P559 Effect of vedolizumab and ustekinumab on articular manifestations in patients with inflammatory bowel disease refractory or intolerant to anti-TNF therapy: An observational prospective study

O. Britschu1, A. Meyer2, J.E. Gottenberg2, J.M. Reimund1, B. Caron1

1Hôpital de Hautepierre, Hôpitaux Universitaires de Strasbourg, Service d’hépato gastroentérologie et assistance nutritive, Strasbourg, France, 2Hôpital de Hautepierre, Hôpitaux Universitaires de Strasbourg, Service de Rhumatologie, Strasbourg, France

Background

The effectiveness of vedolizumab (VDZ), a monoclonal antibody targeting the α4β7 integrin, and ustekinumab (UST), an anti-interleukin-12/anti-interleukin-23 antibody, for the treatment of patients with inflammatory bowel disease (IBD) has been demonstrated.
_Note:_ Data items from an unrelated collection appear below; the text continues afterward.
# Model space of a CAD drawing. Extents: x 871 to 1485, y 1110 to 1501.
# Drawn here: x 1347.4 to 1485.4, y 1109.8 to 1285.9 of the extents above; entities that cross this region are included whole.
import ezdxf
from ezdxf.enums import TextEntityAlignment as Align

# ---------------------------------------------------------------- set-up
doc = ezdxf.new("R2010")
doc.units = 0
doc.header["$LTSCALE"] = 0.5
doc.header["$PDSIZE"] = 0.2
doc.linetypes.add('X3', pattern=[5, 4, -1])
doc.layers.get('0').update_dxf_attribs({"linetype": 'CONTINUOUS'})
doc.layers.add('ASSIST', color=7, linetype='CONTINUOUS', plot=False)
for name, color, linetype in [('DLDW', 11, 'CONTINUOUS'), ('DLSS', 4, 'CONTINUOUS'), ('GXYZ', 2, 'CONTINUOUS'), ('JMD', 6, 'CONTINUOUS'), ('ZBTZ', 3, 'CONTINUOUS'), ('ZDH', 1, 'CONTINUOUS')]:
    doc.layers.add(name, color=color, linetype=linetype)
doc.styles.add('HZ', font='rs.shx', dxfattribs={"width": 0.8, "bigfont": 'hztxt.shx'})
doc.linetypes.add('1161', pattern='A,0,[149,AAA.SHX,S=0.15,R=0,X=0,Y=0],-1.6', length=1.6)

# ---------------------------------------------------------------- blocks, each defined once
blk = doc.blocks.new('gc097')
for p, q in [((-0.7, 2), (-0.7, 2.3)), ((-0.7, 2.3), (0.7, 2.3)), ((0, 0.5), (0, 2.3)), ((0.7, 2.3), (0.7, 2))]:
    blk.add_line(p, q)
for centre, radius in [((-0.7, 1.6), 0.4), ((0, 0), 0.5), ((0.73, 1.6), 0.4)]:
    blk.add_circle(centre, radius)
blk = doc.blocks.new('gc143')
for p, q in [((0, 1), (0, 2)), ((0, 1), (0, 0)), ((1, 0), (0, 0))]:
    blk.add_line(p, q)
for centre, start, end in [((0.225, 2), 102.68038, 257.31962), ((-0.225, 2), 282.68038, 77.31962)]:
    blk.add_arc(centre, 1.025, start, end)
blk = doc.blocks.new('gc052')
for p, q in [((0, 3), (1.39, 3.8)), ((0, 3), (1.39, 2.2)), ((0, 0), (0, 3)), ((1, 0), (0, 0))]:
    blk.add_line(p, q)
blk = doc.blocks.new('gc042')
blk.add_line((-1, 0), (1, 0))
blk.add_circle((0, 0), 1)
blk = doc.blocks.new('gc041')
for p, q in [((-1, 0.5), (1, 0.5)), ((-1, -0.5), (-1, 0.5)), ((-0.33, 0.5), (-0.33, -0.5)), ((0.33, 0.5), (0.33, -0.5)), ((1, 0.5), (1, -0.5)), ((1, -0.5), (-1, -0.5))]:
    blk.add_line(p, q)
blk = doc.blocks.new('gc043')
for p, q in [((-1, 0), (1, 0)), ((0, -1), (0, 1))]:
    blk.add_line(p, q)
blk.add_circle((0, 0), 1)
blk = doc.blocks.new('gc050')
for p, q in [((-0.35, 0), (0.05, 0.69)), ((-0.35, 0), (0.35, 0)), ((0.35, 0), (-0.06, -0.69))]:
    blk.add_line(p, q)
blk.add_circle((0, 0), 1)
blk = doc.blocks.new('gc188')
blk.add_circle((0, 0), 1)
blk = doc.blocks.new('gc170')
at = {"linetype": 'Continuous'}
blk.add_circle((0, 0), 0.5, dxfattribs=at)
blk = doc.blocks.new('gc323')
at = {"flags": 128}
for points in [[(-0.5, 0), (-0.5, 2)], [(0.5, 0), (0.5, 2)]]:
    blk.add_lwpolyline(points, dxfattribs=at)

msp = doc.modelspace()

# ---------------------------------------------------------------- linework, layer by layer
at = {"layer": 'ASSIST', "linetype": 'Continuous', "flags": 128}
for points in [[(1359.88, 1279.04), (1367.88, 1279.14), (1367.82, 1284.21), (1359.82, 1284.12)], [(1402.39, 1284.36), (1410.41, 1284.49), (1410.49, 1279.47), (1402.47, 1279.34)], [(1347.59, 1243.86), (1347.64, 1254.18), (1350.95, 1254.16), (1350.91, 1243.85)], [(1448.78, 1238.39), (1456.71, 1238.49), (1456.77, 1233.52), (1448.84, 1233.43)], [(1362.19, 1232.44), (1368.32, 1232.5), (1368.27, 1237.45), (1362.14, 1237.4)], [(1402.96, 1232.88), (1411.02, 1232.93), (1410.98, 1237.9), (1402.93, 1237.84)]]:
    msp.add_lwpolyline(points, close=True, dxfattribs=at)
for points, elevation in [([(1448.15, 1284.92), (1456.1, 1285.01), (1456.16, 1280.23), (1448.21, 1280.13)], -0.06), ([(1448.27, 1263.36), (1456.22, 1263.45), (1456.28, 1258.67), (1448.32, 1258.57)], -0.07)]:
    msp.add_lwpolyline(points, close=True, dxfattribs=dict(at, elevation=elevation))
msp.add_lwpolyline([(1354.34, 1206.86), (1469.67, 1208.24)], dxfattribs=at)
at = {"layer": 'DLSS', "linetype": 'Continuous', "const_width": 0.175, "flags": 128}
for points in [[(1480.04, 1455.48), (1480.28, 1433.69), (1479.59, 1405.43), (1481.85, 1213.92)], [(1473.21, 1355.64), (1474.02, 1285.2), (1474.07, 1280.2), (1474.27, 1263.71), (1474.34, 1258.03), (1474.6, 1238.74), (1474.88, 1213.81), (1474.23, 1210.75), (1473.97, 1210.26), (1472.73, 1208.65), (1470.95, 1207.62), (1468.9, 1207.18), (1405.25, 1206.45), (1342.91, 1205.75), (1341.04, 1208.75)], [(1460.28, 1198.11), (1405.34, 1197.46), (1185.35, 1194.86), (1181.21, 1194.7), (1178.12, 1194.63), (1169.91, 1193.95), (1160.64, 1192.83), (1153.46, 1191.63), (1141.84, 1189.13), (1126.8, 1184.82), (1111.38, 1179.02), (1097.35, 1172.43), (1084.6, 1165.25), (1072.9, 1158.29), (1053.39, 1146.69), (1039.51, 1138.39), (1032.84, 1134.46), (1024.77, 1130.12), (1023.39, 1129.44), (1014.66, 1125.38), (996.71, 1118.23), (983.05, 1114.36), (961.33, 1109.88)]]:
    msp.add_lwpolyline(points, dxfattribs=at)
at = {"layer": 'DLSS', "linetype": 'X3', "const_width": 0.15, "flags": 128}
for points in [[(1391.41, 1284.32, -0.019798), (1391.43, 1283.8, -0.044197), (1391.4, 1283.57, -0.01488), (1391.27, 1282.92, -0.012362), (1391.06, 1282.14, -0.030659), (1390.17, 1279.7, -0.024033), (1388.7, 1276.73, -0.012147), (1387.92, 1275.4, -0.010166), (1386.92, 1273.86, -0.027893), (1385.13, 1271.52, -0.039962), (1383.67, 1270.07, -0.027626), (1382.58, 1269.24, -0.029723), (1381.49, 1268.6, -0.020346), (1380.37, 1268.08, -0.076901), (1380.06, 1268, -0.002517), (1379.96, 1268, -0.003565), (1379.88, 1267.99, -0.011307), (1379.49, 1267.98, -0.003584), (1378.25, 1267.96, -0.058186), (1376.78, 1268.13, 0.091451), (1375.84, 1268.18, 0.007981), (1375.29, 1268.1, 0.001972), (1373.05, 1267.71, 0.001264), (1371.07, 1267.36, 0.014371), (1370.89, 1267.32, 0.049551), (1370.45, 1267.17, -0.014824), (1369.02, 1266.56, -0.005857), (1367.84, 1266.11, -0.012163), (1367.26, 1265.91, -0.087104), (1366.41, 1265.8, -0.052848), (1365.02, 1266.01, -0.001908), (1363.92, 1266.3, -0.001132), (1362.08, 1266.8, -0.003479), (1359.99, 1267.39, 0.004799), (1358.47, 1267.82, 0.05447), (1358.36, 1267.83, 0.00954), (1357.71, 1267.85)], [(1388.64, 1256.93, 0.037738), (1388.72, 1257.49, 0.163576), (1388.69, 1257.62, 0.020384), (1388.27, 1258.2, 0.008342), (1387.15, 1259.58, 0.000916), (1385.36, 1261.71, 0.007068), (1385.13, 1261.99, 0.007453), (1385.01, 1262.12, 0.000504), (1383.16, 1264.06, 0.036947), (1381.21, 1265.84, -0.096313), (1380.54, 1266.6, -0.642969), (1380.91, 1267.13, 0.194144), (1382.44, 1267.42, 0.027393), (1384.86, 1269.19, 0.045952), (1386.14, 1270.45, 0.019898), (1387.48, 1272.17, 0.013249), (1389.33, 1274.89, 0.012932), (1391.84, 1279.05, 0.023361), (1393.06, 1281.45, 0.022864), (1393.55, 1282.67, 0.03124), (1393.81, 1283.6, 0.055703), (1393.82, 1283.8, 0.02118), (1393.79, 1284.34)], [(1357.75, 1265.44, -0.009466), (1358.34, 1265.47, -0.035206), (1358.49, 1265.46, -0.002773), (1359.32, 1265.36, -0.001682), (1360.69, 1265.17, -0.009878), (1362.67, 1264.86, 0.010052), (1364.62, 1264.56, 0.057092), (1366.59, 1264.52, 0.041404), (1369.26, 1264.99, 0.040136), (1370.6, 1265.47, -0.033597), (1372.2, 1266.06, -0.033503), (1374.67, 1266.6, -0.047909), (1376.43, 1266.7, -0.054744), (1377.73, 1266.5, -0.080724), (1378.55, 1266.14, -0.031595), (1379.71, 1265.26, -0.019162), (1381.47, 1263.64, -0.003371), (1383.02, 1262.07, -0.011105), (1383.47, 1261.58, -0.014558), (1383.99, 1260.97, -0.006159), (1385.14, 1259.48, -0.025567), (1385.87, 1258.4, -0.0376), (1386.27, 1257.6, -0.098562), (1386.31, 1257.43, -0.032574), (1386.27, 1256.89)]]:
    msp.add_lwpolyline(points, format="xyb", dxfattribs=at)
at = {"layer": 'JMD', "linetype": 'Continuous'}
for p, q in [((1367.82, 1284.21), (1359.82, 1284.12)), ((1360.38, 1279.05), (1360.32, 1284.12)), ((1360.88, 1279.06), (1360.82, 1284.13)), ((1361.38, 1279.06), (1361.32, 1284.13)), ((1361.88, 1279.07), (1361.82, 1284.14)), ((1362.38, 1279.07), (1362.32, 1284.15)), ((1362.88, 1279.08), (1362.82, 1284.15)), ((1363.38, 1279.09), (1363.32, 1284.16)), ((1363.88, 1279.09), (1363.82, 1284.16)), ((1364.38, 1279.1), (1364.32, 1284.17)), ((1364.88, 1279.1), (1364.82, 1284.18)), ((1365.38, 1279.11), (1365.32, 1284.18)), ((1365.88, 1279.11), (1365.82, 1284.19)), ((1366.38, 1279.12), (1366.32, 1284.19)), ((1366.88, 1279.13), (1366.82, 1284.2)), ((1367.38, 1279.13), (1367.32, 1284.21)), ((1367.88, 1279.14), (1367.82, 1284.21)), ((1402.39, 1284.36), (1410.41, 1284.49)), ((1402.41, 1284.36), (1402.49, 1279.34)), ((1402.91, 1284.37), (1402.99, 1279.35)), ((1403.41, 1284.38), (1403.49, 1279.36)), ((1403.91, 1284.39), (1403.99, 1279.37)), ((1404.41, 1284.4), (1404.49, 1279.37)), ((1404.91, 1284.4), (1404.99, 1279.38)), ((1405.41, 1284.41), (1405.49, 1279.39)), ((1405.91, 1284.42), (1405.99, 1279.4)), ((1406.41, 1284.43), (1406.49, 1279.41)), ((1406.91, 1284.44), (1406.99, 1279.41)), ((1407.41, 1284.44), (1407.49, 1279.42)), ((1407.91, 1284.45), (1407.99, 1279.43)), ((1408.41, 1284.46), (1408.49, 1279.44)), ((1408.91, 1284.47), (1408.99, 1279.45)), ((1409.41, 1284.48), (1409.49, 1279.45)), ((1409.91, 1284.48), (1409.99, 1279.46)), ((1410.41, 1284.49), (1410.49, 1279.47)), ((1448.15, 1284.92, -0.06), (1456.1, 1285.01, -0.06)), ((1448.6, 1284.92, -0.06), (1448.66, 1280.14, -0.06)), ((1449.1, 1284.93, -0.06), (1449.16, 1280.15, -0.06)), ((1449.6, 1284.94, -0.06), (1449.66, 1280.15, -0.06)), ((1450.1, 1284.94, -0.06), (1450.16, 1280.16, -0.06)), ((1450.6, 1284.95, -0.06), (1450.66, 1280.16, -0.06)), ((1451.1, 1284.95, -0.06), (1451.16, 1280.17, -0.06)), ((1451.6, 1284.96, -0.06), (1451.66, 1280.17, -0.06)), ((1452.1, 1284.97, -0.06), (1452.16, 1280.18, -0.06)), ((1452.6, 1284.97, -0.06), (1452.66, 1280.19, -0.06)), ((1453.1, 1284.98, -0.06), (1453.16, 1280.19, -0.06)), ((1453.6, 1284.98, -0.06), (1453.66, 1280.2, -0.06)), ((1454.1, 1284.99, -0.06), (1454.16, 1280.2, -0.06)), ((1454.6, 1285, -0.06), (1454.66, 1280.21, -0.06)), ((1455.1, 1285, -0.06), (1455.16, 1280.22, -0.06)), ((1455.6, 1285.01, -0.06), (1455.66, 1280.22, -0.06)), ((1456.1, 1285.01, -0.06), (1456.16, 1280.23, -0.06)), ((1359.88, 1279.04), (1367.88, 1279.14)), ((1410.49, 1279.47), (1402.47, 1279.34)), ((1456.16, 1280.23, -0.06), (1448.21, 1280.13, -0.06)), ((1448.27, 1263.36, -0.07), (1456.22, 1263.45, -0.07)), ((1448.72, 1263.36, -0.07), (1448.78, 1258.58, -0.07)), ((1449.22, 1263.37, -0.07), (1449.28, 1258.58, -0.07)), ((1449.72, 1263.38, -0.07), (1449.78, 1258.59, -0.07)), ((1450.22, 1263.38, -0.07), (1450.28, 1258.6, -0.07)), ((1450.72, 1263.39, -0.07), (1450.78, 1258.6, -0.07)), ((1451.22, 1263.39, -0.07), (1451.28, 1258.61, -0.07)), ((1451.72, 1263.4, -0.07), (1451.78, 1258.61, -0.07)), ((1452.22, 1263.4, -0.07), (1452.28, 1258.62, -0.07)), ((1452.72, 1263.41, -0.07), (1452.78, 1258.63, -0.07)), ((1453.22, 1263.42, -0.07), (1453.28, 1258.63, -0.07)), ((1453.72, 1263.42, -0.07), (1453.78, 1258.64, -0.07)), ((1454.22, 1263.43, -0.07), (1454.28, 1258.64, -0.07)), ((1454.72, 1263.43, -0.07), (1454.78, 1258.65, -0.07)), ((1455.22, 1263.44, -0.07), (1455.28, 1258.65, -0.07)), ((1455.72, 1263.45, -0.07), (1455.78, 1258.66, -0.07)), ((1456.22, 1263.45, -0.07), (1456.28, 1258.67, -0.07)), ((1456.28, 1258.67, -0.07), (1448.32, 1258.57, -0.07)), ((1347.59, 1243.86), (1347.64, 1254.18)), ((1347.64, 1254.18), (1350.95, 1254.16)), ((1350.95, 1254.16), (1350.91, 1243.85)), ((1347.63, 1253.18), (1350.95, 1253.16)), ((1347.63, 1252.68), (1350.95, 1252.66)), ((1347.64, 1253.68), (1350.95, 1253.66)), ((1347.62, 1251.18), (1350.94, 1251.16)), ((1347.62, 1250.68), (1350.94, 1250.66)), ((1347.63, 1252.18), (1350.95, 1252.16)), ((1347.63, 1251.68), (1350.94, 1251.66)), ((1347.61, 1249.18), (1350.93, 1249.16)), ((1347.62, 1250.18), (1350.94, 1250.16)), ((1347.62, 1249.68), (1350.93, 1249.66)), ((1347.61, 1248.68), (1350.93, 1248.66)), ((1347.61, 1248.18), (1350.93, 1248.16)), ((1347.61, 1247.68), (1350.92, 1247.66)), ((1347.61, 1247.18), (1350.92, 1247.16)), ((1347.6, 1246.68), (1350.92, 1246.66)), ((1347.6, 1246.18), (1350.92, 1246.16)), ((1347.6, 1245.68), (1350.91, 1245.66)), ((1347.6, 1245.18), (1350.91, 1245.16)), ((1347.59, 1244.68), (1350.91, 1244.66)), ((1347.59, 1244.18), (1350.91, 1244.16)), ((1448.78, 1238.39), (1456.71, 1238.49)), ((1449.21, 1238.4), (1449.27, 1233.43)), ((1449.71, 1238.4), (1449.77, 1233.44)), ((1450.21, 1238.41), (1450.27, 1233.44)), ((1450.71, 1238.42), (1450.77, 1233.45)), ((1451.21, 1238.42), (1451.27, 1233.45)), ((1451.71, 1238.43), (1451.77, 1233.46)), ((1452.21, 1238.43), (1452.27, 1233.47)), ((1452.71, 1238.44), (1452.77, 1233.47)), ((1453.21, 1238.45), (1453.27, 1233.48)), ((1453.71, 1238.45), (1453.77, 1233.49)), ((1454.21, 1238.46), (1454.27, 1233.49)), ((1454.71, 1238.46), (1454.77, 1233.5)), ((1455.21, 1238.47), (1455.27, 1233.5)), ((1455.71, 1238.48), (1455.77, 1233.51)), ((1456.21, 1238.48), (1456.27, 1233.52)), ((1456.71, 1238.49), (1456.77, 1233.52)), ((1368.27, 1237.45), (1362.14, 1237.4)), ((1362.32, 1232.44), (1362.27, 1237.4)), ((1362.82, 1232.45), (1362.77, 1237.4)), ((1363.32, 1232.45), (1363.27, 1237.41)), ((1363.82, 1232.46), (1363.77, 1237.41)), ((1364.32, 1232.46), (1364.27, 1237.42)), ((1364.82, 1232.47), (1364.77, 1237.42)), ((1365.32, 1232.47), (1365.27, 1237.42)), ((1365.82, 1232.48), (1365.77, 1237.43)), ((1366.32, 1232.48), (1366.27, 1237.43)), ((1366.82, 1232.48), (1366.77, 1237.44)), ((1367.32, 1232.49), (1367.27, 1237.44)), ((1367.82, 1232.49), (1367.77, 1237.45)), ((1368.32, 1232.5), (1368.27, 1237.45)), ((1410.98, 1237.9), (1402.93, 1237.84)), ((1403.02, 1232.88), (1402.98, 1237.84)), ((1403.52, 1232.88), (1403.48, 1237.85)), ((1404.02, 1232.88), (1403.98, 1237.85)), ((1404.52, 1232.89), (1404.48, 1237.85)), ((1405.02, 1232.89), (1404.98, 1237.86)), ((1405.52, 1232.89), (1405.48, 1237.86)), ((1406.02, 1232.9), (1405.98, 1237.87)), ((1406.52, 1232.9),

Nearly 50% of patients with IBD have extraintestinal manifestation(s) (EIM). The most frequent are rheumatologic. In contrast to the data available for infliximab (IFX), only retrospective or small studies with contradictory results have been published regarding the effect of VDZ or UST on IBD-associated articular manifestations. The aim of our study was to evaluate the effect of VDZ and UST used in the treatment of Crohn’s disease or ulcerative colitis on associated articular manifestations, compared with patients receiving IFX.

Methods

We conducted a single-centre observational prospective study. All consecutive patients diagnosed with IBD and treated with IFX, VDZ or UST were included and classified into two groups: group 1, not presenting articular manifestations at the baseline, and group 2, having articular manifestations at the inclusion. We evaluated the occurrence of articular manifestations assessed by the BASDAI score in group 1 and the evolution of articular manifestations according to the BASDAI score in group 2. EIM activity was assessed at months 0, 3, 6, 9 and 12. Improvement or worsening of joint manifestations was considered significant if the BASDAI decreased or increased by 10 mm or 20 % in relative value between its initial value and its last available value (M12 or earlier for patients with shorter follow-up times).

Results

From September 2017 to April 2019, 54 patients were included. Twenty-nine patients were analysed in group 1: 9 treated with IFX, 8 with VDZ and 12 with UST. During the follow-up period, 12 (41.4 %) patients in group 1 without EIM at baseline developed articular manifestations: 44.4 %, 50 % and 33.3 % respectively under IFX, VDZ and UST. The mean time from treatment initiation to the development of articular symptoms was 3.3, 3.8 and 2.6 months, respectively on IFX, VDZ and UST. Twenty-five patients were analysed in group 2, 6 treated with IFX, 7 with VDZ and 12 with UST. A significant improvement of the BASDAI score was observed in 50 % of patients treated with IFX, 71.4 % with VDZ and 41.7 % with UST. BASDAI scores were 31.2, 51.8 and 27.9 at M0 and 31.0, 44.7 and 27.5 on average over the entire follow-up for the following treatments respectively: IFX, VDZ and UST.

Conclusion

This prospective study suggests a potential beneficial effect of VDZ and UST on articular manifestations associated with IBD compared with IFX. However, these results need to be confirmed by larger prospective trials.